### WHAT TO DO:
Lines containing "height": state how many there are in these entries, and write only that number.

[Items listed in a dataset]
——
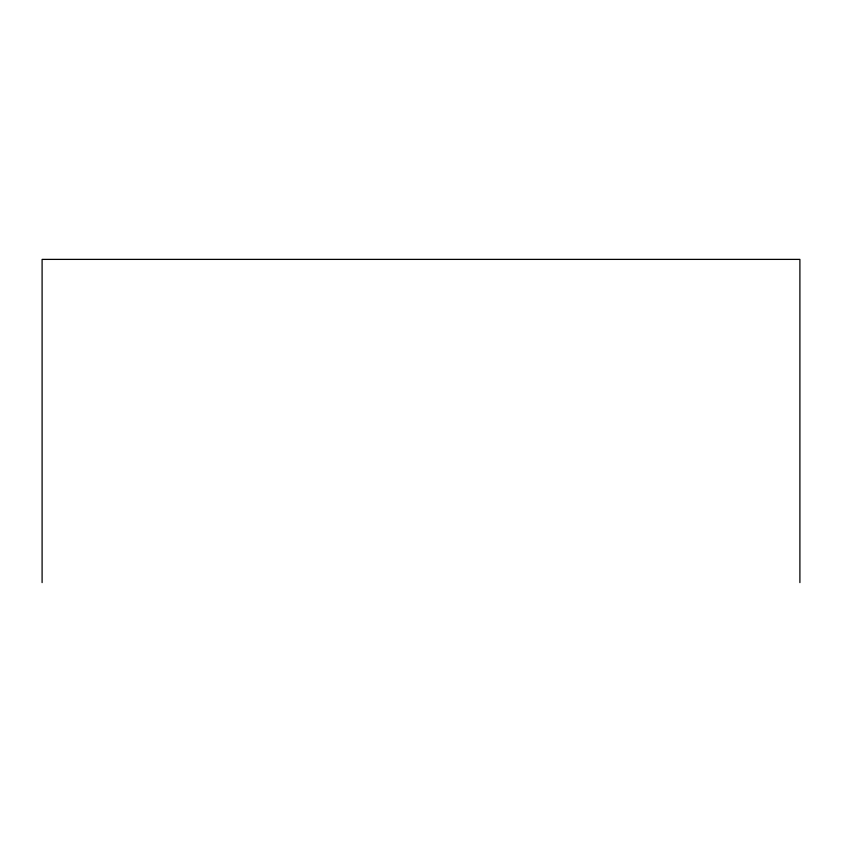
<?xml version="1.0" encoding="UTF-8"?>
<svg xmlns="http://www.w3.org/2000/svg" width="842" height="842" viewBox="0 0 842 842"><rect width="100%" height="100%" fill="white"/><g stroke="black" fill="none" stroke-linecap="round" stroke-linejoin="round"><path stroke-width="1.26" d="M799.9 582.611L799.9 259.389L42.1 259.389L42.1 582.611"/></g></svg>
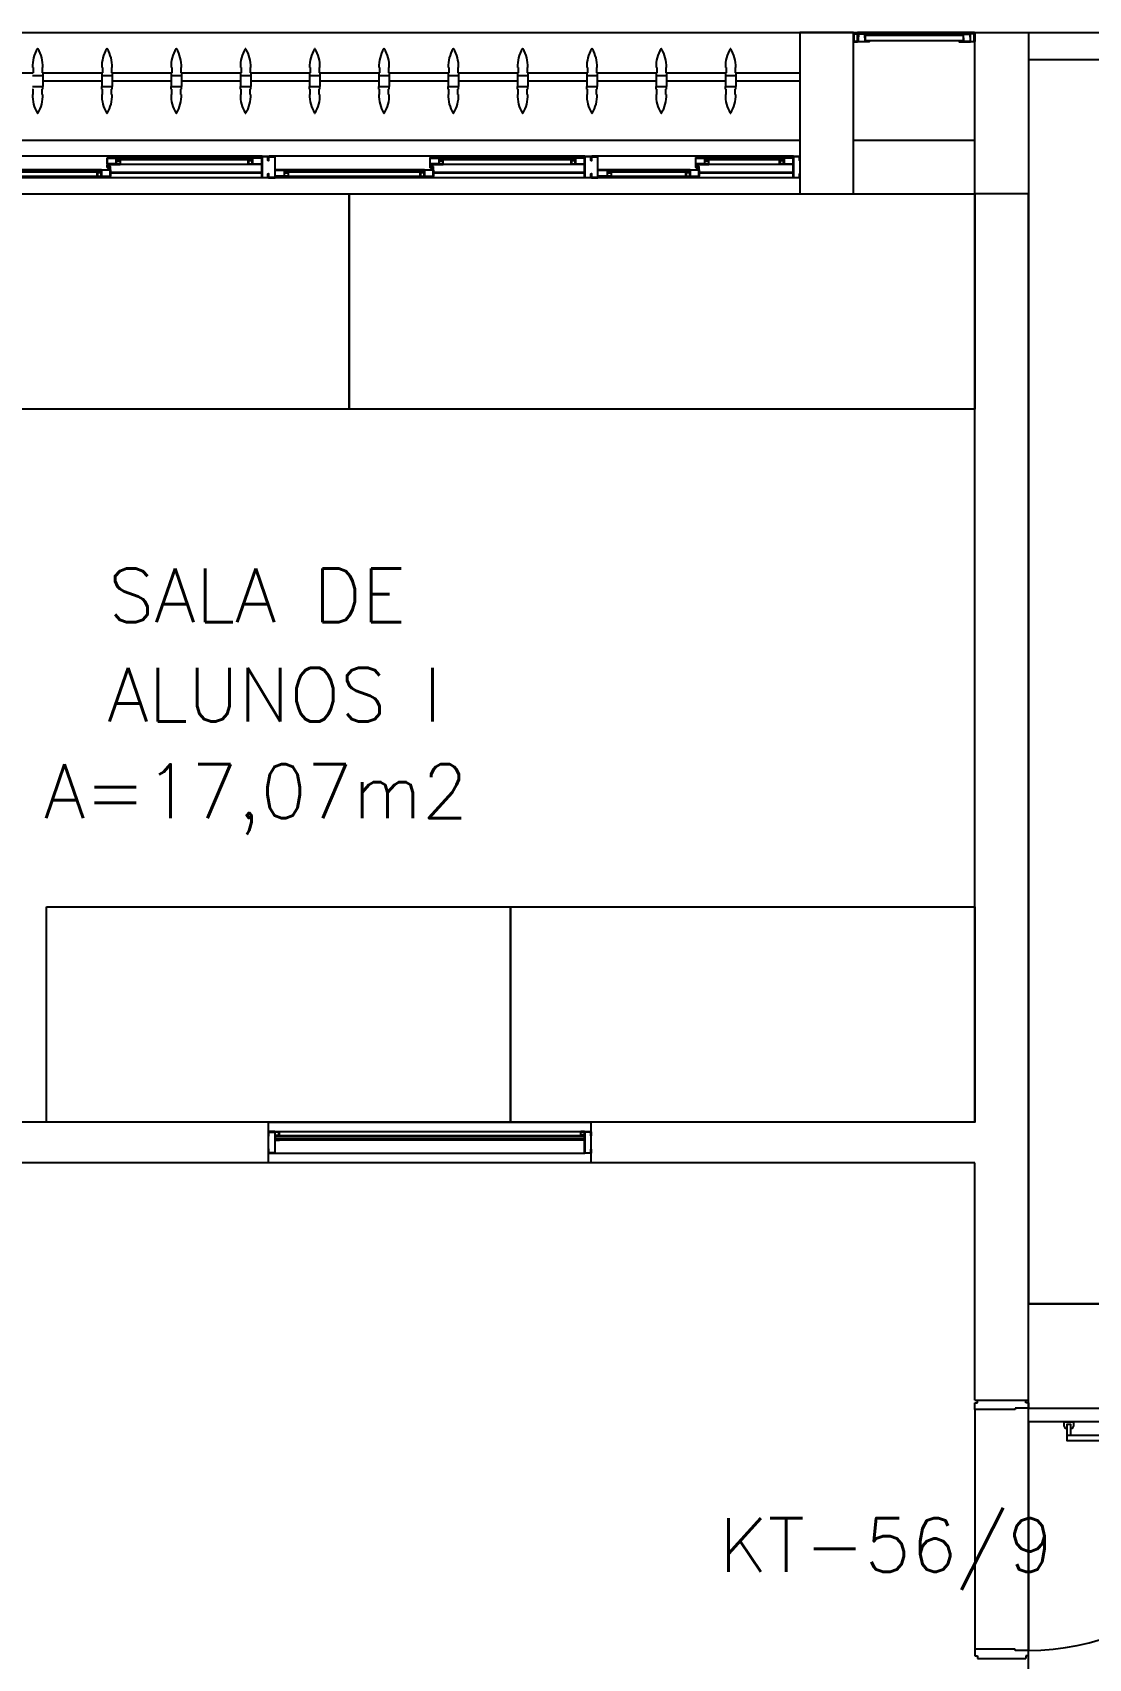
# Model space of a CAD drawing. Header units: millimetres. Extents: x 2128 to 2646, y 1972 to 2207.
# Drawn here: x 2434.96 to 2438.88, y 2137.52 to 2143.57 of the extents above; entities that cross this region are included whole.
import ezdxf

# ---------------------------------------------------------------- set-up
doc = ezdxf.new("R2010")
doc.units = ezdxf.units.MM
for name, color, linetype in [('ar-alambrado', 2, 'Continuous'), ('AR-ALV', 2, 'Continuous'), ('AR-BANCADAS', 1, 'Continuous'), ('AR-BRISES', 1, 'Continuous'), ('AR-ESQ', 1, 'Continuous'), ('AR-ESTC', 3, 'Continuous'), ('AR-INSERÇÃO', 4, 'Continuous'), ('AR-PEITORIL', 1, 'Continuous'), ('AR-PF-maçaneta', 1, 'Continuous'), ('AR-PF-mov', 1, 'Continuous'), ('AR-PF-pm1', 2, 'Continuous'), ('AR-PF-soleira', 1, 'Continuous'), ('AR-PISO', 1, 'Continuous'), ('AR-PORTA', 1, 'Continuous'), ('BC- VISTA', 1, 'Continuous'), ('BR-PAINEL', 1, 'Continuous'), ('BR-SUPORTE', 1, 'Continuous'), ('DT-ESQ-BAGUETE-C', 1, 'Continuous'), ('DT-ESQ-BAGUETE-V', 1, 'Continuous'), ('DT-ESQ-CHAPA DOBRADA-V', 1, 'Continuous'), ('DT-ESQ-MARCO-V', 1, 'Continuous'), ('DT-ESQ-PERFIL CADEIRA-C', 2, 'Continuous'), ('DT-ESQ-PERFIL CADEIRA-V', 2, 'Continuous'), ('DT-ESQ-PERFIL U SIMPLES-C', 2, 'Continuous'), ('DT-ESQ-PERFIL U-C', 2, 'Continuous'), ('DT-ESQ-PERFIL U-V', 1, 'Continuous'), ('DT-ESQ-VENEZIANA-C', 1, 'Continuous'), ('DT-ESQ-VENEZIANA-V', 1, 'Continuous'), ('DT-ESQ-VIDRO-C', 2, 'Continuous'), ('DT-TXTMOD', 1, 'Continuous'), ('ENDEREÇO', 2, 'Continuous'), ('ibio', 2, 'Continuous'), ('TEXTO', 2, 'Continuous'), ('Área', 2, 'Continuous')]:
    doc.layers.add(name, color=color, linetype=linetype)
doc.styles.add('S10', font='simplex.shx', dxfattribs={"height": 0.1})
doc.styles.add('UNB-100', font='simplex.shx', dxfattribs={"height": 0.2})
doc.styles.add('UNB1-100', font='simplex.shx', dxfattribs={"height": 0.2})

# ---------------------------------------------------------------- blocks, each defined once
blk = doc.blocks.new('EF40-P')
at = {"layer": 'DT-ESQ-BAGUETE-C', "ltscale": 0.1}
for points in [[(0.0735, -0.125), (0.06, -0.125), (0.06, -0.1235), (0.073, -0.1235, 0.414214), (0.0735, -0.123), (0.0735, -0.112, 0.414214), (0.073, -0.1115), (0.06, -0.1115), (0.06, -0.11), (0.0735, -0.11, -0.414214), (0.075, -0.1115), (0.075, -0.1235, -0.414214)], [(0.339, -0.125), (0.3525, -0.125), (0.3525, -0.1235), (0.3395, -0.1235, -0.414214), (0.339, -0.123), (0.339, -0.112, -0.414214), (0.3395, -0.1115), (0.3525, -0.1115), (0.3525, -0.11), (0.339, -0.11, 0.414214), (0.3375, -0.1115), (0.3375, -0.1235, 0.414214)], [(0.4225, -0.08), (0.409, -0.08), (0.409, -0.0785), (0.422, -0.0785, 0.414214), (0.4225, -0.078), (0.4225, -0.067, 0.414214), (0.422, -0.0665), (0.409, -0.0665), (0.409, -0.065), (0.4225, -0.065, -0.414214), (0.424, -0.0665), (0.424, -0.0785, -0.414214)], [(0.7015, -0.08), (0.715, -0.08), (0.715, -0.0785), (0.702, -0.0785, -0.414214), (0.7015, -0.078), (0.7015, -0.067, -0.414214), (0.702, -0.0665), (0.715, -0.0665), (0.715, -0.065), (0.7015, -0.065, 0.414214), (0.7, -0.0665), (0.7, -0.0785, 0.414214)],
——
### EXERCISE OUTPUT:
4